## WHAT TO PRODUCE:
Every line below that mentions the word "simulink" should be copied out.

▶

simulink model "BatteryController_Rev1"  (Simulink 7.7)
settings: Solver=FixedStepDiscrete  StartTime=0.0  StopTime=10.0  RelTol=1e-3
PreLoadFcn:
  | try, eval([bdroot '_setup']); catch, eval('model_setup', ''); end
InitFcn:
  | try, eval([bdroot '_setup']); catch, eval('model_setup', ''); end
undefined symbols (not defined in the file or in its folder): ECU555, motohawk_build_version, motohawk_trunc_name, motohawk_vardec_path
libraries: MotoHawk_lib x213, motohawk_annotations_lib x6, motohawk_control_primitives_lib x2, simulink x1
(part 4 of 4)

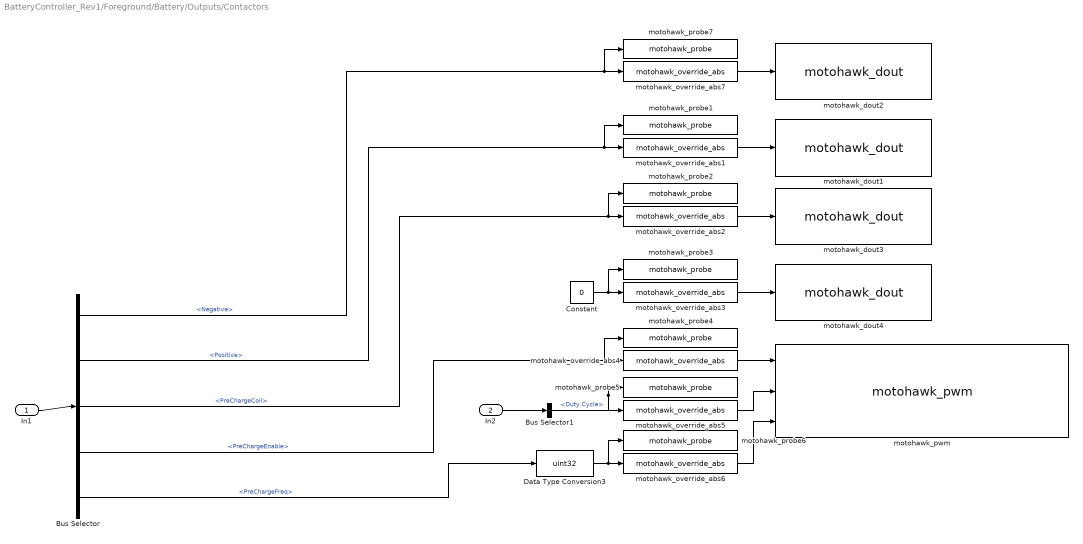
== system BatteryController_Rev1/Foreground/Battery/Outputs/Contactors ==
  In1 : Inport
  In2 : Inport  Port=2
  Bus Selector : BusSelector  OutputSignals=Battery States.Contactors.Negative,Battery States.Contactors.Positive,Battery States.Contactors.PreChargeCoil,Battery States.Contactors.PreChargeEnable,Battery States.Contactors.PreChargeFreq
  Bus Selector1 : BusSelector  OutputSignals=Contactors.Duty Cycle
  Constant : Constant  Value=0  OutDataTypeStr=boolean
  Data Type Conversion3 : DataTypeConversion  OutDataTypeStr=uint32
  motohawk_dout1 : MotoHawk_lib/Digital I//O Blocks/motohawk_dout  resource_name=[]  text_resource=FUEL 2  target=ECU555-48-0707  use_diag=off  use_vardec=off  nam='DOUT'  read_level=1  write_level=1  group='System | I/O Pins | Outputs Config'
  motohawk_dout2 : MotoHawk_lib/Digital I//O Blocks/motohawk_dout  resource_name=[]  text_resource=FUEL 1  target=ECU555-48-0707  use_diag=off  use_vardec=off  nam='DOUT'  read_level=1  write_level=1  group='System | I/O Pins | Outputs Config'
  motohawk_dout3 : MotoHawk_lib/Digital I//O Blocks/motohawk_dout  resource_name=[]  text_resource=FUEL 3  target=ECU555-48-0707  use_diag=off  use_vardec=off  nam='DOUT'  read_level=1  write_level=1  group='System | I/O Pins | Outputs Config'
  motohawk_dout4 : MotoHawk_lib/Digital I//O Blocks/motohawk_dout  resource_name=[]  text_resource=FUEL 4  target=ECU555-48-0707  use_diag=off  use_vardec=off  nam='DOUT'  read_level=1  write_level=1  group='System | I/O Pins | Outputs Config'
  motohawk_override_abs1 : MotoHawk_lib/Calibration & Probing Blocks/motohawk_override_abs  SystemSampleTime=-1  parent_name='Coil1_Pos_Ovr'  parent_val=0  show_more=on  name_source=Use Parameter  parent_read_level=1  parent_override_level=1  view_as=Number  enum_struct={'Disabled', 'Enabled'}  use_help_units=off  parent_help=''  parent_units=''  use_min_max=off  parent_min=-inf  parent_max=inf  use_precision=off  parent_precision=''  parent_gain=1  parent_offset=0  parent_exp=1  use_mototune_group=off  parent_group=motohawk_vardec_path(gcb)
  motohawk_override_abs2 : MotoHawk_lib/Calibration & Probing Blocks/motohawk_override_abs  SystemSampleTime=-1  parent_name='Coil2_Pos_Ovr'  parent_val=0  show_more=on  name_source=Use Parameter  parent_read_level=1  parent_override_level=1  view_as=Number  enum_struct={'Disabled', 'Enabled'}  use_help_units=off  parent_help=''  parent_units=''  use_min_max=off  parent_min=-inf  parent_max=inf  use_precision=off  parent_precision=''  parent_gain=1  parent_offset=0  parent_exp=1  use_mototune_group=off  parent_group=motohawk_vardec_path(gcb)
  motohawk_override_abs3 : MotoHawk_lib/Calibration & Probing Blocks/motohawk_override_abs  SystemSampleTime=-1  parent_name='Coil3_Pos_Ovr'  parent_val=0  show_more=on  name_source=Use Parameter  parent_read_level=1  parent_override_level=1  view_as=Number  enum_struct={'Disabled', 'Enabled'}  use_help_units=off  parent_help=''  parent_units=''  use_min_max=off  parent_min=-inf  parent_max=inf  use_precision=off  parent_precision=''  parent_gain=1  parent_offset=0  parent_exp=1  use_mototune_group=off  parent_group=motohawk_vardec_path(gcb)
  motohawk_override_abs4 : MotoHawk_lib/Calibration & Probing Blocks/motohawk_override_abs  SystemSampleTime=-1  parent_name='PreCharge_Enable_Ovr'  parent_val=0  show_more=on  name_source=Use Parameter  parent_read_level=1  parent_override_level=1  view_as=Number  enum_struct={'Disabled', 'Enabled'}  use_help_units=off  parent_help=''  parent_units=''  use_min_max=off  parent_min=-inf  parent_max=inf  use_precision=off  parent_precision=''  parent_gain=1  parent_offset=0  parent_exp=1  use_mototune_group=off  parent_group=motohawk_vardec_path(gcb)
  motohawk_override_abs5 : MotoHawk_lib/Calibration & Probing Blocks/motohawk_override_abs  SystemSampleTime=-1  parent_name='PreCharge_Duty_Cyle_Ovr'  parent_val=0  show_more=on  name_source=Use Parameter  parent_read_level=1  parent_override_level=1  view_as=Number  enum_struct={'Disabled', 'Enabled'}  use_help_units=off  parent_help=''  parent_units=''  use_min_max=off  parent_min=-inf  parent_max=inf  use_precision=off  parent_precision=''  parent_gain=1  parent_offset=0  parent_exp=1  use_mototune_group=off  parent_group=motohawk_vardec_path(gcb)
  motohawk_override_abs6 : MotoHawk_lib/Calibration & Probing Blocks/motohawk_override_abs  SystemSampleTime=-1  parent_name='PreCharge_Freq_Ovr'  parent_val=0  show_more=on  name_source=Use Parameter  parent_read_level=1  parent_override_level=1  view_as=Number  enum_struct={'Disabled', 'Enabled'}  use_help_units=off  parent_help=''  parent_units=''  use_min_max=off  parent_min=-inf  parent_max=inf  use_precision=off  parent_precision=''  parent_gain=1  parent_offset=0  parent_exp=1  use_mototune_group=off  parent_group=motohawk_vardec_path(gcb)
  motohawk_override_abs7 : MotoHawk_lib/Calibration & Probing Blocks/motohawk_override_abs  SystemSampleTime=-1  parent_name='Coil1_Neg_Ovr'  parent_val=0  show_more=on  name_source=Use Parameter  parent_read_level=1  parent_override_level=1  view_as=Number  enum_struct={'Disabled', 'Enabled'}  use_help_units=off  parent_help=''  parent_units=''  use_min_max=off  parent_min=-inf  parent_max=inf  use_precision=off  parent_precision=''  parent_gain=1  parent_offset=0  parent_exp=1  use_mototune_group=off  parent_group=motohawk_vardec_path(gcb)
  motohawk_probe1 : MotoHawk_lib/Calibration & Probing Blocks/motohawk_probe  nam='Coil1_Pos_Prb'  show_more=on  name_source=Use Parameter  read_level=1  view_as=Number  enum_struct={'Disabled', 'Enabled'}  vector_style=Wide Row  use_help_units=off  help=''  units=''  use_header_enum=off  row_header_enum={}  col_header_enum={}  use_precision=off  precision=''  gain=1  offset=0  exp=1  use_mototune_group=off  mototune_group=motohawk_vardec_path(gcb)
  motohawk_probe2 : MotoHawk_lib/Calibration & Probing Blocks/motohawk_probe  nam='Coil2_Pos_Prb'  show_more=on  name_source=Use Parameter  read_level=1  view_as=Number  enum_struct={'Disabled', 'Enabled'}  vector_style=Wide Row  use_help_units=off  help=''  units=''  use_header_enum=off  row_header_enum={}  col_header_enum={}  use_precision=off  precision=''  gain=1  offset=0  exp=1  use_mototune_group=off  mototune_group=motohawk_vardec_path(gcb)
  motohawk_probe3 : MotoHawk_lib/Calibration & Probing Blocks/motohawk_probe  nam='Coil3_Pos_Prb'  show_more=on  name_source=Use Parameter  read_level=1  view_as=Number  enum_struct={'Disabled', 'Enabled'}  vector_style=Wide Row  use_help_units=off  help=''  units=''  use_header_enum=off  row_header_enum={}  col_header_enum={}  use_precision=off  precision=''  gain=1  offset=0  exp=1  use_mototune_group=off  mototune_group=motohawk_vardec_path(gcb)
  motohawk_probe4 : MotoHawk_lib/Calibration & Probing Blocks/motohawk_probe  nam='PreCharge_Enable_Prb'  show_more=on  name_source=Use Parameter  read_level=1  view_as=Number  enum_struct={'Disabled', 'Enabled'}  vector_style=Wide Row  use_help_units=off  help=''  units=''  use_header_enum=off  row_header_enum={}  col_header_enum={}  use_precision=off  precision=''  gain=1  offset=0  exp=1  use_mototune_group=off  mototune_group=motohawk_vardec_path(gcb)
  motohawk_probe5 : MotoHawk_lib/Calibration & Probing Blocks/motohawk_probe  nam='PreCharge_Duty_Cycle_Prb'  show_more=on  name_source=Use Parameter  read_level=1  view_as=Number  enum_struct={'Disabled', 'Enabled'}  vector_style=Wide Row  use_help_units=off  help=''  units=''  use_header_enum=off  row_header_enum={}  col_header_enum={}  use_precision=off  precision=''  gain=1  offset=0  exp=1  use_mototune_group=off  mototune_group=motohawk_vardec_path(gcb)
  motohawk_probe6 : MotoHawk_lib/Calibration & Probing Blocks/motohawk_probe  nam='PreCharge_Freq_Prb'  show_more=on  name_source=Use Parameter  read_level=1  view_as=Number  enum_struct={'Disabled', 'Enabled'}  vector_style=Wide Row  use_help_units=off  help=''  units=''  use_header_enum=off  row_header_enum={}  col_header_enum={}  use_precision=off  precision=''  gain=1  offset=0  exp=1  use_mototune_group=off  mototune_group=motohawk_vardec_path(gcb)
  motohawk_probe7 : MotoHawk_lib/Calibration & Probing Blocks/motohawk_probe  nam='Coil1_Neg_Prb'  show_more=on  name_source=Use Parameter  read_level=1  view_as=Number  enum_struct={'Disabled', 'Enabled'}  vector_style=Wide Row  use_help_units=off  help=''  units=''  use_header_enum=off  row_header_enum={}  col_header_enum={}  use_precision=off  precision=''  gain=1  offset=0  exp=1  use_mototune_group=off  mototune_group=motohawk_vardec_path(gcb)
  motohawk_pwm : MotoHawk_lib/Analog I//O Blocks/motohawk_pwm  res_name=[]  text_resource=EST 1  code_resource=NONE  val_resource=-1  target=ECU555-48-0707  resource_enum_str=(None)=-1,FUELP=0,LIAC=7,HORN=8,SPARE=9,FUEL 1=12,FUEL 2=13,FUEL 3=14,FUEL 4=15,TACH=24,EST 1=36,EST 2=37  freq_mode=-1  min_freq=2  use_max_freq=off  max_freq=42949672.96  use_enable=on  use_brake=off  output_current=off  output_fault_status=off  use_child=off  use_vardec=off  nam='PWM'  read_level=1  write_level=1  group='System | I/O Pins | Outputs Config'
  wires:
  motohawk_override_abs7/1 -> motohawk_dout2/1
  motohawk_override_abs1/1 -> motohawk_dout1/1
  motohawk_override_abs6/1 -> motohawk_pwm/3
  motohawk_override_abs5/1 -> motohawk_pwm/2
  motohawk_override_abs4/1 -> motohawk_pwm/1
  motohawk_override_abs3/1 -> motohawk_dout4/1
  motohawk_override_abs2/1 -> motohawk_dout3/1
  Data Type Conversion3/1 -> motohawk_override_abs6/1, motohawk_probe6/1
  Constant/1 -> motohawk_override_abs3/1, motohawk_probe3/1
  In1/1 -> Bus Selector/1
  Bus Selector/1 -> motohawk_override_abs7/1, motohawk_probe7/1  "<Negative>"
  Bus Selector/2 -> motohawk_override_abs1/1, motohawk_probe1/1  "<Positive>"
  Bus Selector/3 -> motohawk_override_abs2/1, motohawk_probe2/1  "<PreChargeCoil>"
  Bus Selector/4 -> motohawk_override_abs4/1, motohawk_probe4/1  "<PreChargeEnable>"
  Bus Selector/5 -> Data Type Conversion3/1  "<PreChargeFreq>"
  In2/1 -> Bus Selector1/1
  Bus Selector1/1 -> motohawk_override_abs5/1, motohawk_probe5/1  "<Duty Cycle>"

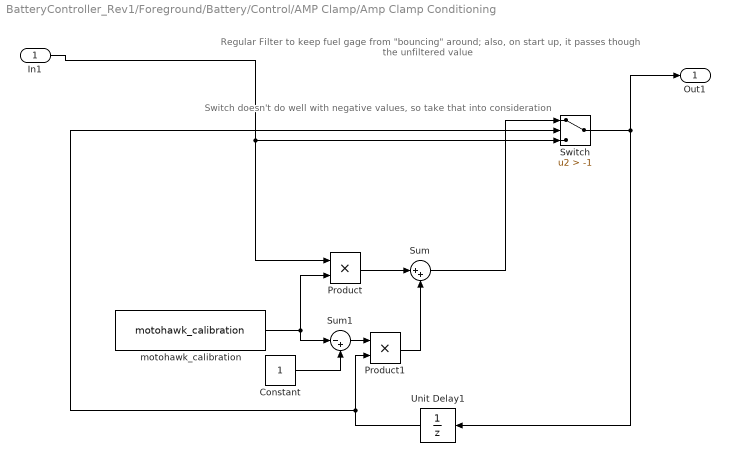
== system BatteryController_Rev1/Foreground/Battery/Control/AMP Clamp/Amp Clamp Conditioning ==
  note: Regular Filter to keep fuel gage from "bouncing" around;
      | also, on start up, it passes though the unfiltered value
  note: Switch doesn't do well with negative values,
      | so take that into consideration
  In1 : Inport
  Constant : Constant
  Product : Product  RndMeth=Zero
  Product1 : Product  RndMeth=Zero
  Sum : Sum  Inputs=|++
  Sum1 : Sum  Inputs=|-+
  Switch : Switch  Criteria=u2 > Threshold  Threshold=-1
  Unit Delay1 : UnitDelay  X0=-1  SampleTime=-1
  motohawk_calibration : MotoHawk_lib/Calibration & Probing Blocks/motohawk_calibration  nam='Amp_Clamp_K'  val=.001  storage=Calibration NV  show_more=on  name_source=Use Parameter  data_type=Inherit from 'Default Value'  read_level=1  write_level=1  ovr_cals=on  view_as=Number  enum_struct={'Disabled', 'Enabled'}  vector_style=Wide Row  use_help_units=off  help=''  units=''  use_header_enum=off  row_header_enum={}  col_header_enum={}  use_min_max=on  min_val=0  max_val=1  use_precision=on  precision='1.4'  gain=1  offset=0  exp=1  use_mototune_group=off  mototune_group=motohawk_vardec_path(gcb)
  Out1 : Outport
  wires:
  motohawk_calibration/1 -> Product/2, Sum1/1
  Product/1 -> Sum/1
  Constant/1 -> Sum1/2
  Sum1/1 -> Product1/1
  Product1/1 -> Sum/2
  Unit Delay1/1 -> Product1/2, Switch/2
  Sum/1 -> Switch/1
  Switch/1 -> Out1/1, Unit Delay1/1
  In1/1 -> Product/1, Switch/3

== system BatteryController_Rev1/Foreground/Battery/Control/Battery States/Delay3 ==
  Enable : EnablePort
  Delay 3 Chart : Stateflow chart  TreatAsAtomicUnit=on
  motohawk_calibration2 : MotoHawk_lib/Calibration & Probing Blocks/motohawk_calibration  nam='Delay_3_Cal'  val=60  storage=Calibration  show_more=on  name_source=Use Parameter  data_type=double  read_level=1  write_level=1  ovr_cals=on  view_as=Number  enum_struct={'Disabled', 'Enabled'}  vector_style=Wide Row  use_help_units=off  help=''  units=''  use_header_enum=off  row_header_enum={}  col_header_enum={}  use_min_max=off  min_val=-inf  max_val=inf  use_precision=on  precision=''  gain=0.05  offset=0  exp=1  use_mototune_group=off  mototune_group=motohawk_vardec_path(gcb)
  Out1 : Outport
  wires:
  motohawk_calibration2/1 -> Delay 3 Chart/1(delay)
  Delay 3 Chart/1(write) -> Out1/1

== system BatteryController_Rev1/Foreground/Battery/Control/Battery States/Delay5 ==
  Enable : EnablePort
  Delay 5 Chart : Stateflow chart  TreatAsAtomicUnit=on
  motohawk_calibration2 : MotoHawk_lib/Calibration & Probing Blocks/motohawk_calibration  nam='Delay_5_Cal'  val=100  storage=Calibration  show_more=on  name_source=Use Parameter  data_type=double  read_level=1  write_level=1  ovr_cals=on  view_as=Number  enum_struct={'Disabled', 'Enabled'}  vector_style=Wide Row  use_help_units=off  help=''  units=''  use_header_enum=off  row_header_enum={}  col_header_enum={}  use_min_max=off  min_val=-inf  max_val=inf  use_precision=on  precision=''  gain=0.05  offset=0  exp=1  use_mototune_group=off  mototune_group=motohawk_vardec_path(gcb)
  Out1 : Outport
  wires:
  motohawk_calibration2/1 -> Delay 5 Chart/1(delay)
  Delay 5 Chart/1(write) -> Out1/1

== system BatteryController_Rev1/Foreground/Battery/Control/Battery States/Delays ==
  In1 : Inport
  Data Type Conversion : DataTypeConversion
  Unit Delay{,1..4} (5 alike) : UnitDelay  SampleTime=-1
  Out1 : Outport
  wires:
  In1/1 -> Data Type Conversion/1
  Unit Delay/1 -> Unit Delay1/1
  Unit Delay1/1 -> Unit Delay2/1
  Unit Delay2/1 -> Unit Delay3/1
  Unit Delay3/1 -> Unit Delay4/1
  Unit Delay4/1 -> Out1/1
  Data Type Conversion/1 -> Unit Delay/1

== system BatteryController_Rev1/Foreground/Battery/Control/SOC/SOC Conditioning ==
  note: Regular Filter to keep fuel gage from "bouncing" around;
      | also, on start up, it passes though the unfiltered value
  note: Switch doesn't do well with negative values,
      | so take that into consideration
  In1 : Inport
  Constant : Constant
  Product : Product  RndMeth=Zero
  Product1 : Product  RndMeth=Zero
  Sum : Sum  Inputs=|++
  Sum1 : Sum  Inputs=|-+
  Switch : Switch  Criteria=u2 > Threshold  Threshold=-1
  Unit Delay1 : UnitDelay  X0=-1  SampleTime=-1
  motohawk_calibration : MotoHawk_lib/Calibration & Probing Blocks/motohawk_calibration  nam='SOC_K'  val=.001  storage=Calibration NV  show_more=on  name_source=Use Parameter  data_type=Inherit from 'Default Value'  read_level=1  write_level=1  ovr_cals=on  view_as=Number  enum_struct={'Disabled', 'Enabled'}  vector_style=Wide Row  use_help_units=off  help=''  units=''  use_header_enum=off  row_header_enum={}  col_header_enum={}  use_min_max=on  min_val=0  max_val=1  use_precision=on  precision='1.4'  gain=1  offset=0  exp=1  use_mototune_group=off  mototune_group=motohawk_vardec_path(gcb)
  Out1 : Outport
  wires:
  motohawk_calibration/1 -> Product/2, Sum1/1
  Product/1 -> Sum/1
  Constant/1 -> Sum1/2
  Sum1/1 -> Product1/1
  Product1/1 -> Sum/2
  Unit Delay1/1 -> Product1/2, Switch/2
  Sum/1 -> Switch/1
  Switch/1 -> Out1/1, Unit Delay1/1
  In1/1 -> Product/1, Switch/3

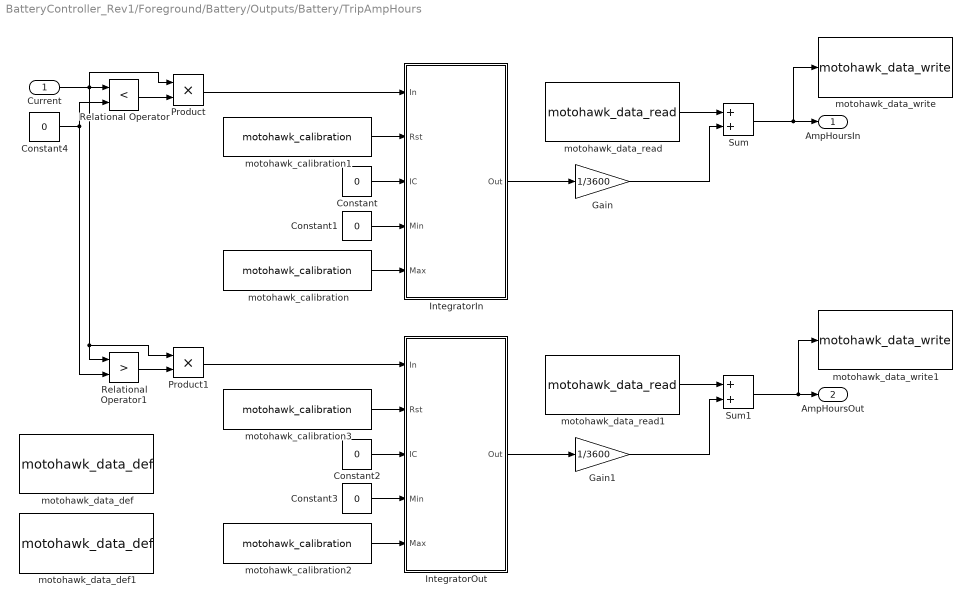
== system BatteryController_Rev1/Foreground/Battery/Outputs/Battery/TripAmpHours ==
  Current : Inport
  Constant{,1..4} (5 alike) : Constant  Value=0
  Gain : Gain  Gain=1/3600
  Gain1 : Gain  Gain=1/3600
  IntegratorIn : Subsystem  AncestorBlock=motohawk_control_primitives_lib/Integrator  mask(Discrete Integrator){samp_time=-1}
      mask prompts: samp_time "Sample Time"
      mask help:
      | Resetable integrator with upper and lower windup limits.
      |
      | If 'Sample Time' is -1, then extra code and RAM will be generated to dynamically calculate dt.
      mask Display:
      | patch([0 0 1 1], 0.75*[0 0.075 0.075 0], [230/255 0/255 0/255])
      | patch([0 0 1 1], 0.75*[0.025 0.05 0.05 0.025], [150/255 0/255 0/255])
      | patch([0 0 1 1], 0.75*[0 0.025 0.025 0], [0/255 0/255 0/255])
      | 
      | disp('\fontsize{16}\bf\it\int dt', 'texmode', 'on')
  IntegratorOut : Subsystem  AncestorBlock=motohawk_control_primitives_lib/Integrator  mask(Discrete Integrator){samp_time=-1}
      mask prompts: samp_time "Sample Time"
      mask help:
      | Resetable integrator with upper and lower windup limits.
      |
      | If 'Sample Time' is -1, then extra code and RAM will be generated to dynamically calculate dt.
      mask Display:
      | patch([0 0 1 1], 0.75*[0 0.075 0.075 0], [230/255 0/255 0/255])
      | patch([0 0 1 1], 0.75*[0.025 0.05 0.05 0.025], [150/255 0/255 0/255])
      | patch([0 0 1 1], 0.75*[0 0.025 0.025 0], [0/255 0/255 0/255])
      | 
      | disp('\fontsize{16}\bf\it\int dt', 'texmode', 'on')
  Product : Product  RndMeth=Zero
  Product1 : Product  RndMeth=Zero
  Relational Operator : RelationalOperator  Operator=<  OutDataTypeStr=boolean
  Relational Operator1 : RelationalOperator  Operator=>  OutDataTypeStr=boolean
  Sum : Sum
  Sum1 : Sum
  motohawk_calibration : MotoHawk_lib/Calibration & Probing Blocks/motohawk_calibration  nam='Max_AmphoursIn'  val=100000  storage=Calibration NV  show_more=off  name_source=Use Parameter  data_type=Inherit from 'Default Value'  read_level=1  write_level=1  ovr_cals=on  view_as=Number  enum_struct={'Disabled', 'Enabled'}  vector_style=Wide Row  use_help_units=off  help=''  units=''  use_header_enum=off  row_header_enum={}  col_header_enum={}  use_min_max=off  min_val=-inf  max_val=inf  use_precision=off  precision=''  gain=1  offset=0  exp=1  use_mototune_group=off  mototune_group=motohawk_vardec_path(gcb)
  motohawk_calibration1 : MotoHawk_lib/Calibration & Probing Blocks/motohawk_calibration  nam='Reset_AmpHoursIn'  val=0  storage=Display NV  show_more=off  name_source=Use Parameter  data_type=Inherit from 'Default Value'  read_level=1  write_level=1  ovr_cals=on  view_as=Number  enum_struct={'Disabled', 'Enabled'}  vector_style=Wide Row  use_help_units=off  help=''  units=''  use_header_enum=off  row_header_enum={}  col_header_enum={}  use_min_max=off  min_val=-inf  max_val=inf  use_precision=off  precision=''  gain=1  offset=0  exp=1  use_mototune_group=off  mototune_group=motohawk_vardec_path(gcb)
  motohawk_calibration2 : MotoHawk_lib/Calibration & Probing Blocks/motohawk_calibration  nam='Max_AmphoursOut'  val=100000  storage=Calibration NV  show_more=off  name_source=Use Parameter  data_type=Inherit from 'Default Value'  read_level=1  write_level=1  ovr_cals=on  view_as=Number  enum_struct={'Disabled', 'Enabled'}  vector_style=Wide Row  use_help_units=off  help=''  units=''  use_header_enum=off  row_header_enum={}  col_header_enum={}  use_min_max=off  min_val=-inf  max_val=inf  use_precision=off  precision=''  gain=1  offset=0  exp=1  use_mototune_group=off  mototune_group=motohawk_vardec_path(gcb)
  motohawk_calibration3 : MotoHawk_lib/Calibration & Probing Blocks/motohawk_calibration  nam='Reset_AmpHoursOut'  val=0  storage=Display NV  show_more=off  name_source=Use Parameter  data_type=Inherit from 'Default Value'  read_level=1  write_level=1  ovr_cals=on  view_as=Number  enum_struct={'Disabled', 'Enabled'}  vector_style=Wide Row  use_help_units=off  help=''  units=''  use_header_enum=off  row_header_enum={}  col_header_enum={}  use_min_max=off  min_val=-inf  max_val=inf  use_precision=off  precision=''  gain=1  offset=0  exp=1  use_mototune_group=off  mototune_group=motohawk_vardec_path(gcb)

◀

## TASK SOLUTION:
simulink model "BatteryController_Rev1"  (Simulink 7.7)
libraries: MotoHawk_lib x213, motohawk_annotations_lib x6, motohawk_control_primitives_lib x2, simulink x1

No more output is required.